NPS runs a single history. The random number sequence of history 18954 is specified via the RAND card. An event log for the 1st through the 1st history is specified by the DBCN card. Thus, History 18954 is repeated, and from the 1st 50-history Print Table 110 and the event log, the cause of the large score becomes apparent. The cosine of the source in the z-direction, W, is very small and leads to a track length of λ = 4.42936E+03 cm before the particle escapes. The F4 flux tally is F4 = λ/V and V = 1 because of the SD card. In fact, a track length comparable to the disc radius, 1e8, is possible. Thus z-axis cosine bins near zero need to be sampled better. Setting a source bias of

sb1 0 1 20r

causes the SDEF source to start more particles in the small z-angle directions, as seen in Fig. 2.48 from Print Table 10 after the SB bias is added. This source direction bias enables the problem to pass all statistical checks and converge to the correct answer very quickly. (Note the weight multiplier keeps this a fair physical representation of an isotropic source.)

Fig. 2.48
figure 48

The source distribution is shown in optional (requires PRINT card) Print Table 10 of the output file. Each source bin is sampled with the same probability, but because the bin widths are different, the weights vary by nine orders of magnitude. Consequently, the central, very narrow bin—normal to the source direction axis—is sampled nine orders of magnitude more to sufficiently achieve convergence

Thus, the ten statistical tests identify false or poor convergence. The solution to false or poor convergence is variance reduction, which results in sampling the more important parts of the problem more frequently at the expense of less important parts.

What does one do when some tests fail? The ten statistical tests are themselves estimated quantities and can sometimes be misleading:

  • If the first test of the mean having a constant value fails, check the tally fluctuation charts at the end of the output file to see if it is really constant.

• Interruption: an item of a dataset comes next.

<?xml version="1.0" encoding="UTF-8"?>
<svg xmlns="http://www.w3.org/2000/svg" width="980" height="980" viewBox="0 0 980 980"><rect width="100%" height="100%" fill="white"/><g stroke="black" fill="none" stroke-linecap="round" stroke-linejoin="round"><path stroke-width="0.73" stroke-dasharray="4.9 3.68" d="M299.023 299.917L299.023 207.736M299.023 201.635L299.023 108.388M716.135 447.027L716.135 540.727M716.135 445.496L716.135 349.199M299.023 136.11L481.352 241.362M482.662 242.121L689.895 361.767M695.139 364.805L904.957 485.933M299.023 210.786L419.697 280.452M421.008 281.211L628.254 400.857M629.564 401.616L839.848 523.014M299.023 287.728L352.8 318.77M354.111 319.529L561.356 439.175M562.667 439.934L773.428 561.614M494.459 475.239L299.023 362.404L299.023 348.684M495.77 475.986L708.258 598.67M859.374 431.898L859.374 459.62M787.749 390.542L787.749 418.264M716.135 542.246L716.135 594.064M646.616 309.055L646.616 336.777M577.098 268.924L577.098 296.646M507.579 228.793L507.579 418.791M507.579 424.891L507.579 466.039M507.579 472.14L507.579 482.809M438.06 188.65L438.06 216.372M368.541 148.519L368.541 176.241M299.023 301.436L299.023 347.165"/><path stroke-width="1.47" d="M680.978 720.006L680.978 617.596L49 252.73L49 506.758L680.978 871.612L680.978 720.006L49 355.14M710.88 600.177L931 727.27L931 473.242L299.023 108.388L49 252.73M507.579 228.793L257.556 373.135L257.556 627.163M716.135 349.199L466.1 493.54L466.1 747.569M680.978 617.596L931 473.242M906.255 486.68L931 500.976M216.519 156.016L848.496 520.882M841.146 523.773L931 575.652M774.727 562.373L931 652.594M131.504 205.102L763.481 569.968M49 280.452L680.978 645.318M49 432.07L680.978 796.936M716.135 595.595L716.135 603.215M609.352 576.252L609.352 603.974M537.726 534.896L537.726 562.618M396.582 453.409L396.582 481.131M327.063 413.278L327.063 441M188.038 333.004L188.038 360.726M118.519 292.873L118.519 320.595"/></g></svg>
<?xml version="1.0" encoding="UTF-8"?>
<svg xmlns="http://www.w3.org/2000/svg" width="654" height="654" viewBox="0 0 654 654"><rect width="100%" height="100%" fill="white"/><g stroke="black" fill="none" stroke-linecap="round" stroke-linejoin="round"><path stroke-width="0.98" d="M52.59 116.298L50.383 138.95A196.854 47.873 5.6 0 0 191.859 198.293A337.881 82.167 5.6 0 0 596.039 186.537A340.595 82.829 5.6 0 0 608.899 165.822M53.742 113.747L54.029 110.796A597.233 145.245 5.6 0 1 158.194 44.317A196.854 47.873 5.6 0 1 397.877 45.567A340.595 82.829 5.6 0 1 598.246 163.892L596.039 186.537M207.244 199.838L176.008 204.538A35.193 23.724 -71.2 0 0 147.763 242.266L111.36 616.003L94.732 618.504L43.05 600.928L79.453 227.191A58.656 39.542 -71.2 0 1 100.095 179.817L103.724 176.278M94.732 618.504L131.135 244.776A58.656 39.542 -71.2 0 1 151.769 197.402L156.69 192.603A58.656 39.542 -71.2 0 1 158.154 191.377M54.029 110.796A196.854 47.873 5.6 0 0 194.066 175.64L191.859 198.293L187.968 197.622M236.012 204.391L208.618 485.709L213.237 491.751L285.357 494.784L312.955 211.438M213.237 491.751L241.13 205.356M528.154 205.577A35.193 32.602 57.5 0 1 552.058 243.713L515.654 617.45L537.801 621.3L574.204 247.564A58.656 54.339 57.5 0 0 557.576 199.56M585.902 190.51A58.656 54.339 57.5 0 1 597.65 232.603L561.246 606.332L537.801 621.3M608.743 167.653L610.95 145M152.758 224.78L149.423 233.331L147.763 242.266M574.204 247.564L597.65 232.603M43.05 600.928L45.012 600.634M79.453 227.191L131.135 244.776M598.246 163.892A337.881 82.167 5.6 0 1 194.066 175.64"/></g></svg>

In rare cases, the MCNP fitting routine fails.

  • If the 2nd test of the relative error >10% (5% for point detectors/next-event estimators) fails, run the problem for more particles or computer time. Note that if the slope <3, the relative error does not exist, and running longer may not help.

  • If the 3rd and 4th tests of the relative error behaving as 1 / SQRT (NPS) fail, in rare cases, the MCNP code is unable to fit the curve properly.

  • If the 5th–7th tests of the variance of the variance, VOV, fail, be aware that VOV does not exist if the slope is <3 and can be ignored in those cases. Otherwise, run longer, or check the tally fluctuation chart for a linearly decreasing VOV.

  • If the 8th and 9th tests of the FOM fail, check the tally fluctuation chart to see if it really is not constant. Note that—in the early stages of a problem—the MCNP code does extra checking for the first 50 to a few thousand histories. Thus, on short runs of merely thousands of histories, the FOM will increase as the checks finish. Also, the FOM is based on computer time so that very short problems of a few seconds often have difficulty passing the FOM tests.

  • If the 10th slope test fails, then the important parts of the problem have probably not been sampled well enough. Note that the slope test requires at least 600 histories and the ability to fit the slope to the 200 largest scores, so a slope of zero is observed for short problems. These short problems need to be run longer for more histories. The user should be aware of what the largest possible score to any tally could be and where large scores are likely. Then, variance reduction should be used to sample whatever causes the largest score and other likely large scores. Note that improper use of variance-reduction methods can also lead to failing the slope test, which often indicates poor convergence right from the start of a problem before the other tests are passed. The slope test is the most challenging test to understand and use to improve convergence.